◆ **Goal of the exercise**:
Exact reproduction required: the lines below from the line with "#164=CARTESIAN_POINT('',(-5.,2.5,3.96862696659689));" to the line with "#184=VECTOR('',#183,1.);", both ends included, and no others.
── Data extracts
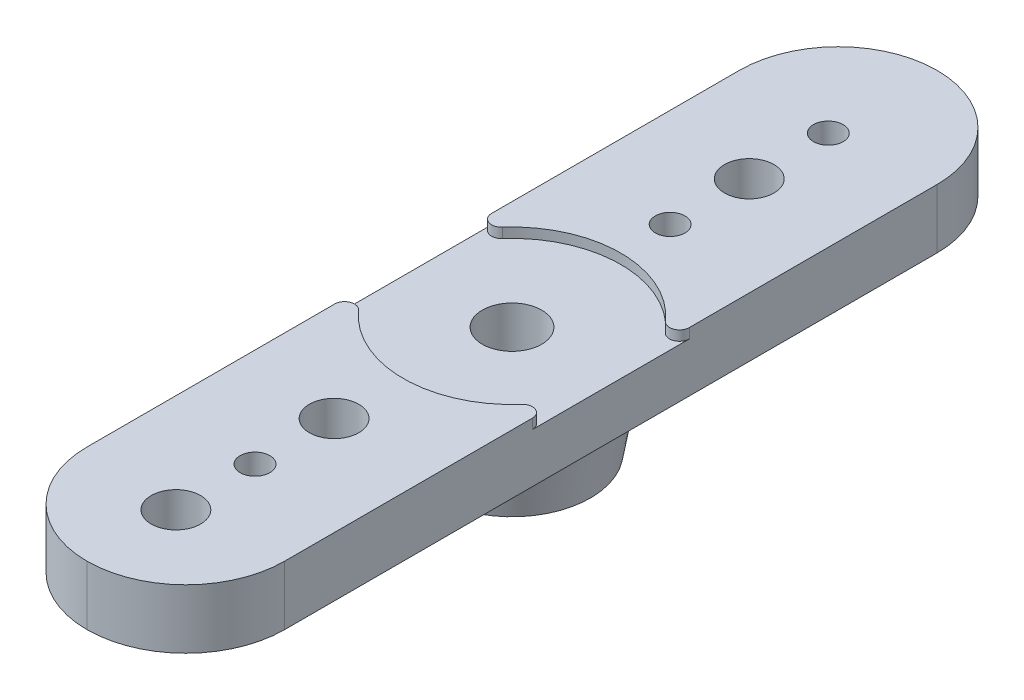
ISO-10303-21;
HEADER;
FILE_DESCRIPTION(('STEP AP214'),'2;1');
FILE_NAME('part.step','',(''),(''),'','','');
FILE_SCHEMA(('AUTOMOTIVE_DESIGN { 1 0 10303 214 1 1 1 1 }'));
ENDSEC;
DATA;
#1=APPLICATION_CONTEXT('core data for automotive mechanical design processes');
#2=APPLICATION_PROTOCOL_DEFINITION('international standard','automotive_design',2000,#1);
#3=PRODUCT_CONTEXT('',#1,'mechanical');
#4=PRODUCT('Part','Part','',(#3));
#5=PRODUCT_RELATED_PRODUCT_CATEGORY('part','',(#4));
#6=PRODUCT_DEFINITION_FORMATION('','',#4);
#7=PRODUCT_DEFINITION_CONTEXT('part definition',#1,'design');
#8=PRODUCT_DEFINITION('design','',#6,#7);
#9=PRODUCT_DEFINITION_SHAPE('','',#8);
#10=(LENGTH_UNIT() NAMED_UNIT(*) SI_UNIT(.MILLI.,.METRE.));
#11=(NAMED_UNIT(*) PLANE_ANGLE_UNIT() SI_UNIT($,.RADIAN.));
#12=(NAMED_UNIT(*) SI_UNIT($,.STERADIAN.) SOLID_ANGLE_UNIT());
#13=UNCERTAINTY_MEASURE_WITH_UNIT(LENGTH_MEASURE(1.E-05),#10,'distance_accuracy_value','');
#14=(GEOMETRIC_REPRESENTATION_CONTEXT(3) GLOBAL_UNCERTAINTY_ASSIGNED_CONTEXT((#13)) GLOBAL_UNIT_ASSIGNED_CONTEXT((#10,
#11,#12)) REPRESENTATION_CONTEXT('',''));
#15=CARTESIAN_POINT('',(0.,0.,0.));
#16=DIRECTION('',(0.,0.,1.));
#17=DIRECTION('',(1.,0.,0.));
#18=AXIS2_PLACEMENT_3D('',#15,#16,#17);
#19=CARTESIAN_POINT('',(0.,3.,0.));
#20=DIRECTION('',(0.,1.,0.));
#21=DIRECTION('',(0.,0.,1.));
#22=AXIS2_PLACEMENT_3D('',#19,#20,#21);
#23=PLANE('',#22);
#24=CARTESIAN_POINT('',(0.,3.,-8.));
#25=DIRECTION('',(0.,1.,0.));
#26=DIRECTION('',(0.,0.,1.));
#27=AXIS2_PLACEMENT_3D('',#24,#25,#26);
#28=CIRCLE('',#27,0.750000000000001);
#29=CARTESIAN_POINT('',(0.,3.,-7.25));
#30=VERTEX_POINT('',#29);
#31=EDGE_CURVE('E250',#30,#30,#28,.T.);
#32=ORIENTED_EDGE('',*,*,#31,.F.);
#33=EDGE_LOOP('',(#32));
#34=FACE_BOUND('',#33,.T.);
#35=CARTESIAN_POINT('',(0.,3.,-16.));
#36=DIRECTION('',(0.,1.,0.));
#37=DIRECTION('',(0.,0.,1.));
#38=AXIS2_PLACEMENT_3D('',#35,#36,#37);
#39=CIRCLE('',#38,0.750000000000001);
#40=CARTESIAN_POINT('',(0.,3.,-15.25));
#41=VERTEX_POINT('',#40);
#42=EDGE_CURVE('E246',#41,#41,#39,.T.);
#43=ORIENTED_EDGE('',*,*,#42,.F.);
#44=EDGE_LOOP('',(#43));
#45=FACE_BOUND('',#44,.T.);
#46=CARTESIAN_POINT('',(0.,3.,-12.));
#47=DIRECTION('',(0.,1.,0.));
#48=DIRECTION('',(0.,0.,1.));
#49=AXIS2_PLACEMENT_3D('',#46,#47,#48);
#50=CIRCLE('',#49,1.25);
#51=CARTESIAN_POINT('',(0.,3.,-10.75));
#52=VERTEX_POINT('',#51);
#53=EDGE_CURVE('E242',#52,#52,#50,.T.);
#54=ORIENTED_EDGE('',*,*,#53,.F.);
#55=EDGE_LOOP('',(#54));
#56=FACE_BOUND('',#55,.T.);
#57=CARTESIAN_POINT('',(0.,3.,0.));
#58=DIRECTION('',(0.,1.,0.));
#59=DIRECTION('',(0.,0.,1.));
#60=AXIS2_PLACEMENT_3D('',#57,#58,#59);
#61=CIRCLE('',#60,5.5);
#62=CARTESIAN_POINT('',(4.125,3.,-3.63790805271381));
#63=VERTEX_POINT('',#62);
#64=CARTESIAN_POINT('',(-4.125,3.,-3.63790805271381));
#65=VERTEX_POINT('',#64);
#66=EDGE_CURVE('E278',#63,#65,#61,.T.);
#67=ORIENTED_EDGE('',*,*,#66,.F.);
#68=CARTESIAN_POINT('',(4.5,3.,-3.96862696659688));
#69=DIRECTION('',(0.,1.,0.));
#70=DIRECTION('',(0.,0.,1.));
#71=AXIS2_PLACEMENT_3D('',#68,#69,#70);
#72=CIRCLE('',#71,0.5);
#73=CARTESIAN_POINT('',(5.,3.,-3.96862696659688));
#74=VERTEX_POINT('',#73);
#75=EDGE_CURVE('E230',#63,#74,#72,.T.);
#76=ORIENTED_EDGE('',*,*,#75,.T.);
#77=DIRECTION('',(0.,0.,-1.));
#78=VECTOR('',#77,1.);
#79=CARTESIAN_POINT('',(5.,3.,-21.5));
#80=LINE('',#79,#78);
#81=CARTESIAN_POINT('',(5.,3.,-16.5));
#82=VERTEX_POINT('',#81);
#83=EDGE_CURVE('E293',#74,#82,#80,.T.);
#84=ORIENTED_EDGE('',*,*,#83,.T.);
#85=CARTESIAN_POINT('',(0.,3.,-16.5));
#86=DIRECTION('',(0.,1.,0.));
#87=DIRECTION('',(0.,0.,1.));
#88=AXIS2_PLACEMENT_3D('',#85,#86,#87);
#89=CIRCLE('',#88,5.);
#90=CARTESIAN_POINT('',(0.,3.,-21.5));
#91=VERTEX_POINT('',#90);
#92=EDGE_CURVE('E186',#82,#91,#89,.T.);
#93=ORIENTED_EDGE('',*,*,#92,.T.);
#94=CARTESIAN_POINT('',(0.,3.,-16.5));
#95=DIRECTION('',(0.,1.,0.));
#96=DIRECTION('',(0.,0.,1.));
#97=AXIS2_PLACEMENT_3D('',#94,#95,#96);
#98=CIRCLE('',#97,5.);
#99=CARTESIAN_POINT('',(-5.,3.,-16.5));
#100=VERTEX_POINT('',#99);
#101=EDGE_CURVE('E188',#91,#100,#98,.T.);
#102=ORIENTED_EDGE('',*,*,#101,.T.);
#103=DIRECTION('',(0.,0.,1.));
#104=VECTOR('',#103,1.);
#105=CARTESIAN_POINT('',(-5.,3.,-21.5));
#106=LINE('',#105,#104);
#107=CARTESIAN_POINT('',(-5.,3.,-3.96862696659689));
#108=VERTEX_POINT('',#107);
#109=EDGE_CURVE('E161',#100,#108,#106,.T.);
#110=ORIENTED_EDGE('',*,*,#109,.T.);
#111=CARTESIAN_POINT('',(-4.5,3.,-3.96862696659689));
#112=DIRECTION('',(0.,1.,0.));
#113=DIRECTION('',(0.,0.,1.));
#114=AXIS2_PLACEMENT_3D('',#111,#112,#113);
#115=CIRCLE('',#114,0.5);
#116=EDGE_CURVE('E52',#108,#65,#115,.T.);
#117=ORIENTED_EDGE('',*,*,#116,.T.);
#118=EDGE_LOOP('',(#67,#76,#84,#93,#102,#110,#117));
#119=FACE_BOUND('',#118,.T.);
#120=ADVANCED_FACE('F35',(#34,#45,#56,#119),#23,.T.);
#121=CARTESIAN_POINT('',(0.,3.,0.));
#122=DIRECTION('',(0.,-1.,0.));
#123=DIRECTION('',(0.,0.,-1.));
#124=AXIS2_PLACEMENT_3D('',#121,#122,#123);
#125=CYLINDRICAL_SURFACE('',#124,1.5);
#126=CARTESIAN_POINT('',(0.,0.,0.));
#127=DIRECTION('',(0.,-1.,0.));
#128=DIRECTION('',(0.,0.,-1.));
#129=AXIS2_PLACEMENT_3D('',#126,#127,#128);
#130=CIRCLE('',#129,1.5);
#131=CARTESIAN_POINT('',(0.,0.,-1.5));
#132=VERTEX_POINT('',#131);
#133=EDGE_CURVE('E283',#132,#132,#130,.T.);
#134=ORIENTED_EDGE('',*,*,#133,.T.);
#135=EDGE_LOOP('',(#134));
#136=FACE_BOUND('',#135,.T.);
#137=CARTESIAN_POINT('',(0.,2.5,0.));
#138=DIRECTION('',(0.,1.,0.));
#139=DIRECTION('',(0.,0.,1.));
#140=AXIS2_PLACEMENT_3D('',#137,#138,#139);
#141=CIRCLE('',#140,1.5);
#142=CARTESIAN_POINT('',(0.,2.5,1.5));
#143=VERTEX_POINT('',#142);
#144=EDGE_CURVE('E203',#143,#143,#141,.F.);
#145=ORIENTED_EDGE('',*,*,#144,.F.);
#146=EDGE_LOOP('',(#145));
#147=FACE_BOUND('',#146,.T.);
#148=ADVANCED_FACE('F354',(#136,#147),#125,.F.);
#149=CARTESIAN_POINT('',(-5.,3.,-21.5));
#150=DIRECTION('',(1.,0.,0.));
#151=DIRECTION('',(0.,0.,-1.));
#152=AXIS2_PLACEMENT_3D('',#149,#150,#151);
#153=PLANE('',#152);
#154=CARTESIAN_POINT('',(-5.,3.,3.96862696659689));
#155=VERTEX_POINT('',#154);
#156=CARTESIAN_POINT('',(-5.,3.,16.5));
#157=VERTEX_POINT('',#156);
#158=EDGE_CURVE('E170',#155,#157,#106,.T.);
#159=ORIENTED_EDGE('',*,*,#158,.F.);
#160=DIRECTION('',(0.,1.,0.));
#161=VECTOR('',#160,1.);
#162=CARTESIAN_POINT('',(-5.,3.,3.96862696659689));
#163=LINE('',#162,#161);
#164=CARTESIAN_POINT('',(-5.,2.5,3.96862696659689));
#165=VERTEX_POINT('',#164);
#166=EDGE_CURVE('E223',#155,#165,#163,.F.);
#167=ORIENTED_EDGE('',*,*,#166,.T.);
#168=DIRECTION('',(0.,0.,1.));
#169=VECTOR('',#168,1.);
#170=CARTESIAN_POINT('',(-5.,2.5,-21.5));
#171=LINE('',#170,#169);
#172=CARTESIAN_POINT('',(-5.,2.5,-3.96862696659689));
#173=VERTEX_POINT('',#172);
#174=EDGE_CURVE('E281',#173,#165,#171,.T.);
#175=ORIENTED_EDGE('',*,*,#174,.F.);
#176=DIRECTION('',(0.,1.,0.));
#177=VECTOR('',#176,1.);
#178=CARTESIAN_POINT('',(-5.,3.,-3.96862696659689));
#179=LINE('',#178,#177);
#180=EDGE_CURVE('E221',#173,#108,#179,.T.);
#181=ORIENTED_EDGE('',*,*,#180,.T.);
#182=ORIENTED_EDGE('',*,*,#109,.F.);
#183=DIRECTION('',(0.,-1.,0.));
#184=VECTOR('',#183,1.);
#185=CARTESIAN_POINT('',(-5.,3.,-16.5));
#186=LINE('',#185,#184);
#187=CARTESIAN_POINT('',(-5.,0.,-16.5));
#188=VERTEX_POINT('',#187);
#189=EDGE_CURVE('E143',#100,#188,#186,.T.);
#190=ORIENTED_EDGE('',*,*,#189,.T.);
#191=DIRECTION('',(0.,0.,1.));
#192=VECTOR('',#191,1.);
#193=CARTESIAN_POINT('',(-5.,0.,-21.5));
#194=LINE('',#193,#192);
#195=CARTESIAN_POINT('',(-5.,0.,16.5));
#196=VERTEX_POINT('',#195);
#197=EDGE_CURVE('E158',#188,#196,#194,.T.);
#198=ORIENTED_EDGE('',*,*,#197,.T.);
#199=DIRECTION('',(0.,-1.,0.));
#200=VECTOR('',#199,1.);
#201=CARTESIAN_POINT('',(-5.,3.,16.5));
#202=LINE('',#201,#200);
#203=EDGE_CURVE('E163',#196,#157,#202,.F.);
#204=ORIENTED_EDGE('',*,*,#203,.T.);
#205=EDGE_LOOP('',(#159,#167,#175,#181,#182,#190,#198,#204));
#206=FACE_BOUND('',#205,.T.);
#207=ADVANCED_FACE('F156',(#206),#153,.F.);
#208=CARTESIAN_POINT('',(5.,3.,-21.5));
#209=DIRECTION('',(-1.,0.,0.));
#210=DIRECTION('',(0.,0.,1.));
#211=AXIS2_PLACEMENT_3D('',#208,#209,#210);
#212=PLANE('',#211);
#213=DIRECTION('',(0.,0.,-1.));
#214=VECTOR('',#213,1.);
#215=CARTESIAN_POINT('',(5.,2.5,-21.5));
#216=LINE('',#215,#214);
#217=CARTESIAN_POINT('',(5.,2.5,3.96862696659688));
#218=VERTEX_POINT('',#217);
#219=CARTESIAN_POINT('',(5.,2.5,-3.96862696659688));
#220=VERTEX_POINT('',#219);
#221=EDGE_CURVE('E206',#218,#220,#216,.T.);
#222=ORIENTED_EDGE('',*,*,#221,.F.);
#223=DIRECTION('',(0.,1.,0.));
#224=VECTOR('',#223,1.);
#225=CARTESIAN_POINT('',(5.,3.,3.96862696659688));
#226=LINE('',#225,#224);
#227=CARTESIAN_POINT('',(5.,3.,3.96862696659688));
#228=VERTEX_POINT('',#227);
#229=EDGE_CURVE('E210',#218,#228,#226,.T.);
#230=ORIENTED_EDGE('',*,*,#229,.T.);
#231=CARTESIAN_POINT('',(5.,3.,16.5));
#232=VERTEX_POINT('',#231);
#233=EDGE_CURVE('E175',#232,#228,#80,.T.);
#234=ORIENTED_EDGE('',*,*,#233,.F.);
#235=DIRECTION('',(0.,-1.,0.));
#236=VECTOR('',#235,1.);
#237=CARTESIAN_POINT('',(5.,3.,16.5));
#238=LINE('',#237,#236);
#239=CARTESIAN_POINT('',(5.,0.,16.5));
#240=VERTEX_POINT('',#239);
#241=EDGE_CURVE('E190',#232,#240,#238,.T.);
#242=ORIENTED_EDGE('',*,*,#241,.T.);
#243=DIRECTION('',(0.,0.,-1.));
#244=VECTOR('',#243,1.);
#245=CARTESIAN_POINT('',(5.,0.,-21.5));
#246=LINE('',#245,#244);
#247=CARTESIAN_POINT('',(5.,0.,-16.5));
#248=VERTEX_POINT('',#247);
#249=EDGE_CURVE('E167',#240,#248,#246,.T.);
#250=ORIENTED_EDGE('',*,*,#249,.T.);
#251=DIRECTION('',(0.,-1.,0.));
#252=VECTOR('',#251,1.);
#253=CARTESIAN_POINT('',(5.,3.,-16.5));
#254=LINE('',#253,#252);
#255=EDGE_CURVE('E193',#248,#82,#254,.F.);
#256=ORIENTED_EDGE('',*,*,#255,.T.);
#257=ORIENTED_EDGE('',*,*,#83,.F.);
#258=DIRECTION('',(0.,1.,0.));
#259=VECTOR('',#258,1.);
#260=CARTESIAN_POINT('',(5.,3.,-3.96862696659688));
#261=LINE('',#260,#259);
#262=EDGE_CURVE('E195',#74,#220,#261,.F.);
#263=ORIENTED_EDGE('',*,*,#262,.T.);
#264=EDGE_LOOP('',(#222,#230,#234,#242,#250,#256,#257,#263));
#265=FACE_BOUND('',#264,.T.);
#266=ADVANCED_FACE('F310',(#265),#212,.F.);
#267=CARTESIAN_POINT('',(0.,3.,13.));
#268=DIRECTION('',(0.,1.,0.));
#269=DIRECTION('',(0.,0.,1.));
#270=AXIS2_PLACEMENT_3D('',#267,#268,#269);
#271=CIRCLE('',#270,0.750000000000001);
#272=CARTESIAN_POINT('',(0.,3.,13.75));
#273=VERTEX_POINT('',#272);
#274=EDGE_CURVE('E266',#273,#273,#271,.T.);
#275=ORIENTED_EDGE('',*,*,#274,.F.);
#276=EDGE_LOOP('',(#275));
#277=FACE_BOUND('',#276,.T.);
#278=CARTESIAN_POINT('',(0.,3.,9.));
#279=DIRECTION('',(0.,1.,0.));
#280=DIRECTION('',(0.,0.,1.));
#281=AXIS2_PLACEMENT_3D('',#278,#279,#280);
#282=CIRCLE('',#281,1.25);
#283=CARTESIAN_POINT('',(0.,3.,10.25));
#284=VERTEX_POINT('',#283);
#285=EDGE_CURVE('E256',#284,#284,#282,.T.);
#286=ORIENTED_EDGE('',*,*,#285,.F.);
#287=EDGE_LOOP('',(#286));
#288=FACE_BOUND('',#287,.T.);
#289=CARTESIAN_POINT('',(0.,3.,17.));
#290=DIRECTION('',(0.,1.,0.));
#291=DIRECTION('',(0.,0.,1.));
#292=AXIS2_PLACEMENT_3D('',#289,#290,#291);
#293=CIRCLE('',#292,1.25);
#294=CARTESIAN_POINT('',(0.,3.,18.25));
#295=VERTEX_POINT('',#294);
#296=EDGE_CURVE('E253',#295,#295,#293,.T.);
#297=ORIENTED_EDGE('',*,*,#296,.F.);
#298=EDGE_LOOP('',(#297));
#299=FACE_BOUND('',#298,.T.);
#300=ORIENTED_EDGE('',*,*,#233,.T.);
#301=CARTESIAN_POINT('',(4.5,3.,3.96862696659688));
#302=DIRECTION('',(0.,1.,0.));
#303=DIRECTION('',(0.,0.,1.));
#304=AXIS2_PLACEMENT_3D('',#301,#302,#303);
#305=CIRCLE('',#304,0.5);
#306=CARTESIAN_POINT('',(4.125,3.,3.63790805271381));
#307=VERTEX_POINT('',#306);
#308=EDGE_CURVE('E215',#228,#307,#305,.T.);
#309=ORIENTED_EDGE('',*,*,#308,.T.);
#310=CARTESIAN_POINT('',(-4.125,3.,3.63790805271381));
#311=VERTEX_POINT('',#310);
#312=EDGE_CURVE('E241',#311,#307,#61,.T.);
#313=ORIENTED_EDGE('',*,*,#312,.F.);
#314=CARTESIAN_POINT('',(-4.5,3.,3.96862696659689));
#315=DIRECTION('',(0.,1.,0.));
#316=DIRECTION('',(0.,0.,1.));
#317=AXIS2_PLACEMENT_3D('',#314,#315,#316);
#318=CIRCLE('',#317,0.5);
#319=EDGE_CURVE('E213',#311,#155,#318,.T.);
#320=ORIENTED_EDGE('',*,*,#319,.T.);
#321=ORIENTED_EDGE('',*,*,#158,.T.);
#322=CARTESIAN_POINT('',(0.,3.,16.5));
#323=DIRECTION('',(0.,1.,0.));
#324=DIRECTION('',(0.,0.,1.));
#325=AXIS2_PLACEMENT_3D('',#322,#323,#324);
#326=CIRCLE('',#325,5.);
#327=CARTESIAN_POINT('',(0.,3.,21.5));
────
◆ **Your solution**:
#164=CARTESIAN_POINT('',(-5.,2.5,3.96862696659689));
#165=VERTEX_POINT('',#164);
#166=EDGE_CURVE('E223',#155,#165,#163,.F.);
#167=ORIENTED_EDGE('',*,*,#166,.T.);
#168=DIRECTION('',(0.,0.,1.));
#169=VECTOR('',#168,1.);
#170=CARTESIAN_POINT('',(-5.,2.5,-21.5));
#171=LINE('',#170,#169);
#172=CARTESIAN_POINT('',(-5.,2.5,-3.96862696659689));
#173=VERTEX_POINT('',#172);
#174=EDGE_CURVE('E281',#173,#165,#171,.T.);
#175=ORIENTED_EDGE('',*,*,#174,.F.);
#176=DIRECTION('',(0.,1.,0.));
#177=VECTOR('',#176,1.);
#178=CARTESIAN_POINT('',(-5.,3.,-3.96862696659689));
#179=LINE('',#178,#177);
#180=EDGE_CURVE('E221',#173,#108,#179,.T.);
#181=ORIENTED_EDGE('',*,*,#180,.T.);
#182=ORIENTED_EDGE('',*,*,#109,.F.);
#183=DIRECTION('',(0.,-1.,0.));
#184=VECTOR('',#183,1.);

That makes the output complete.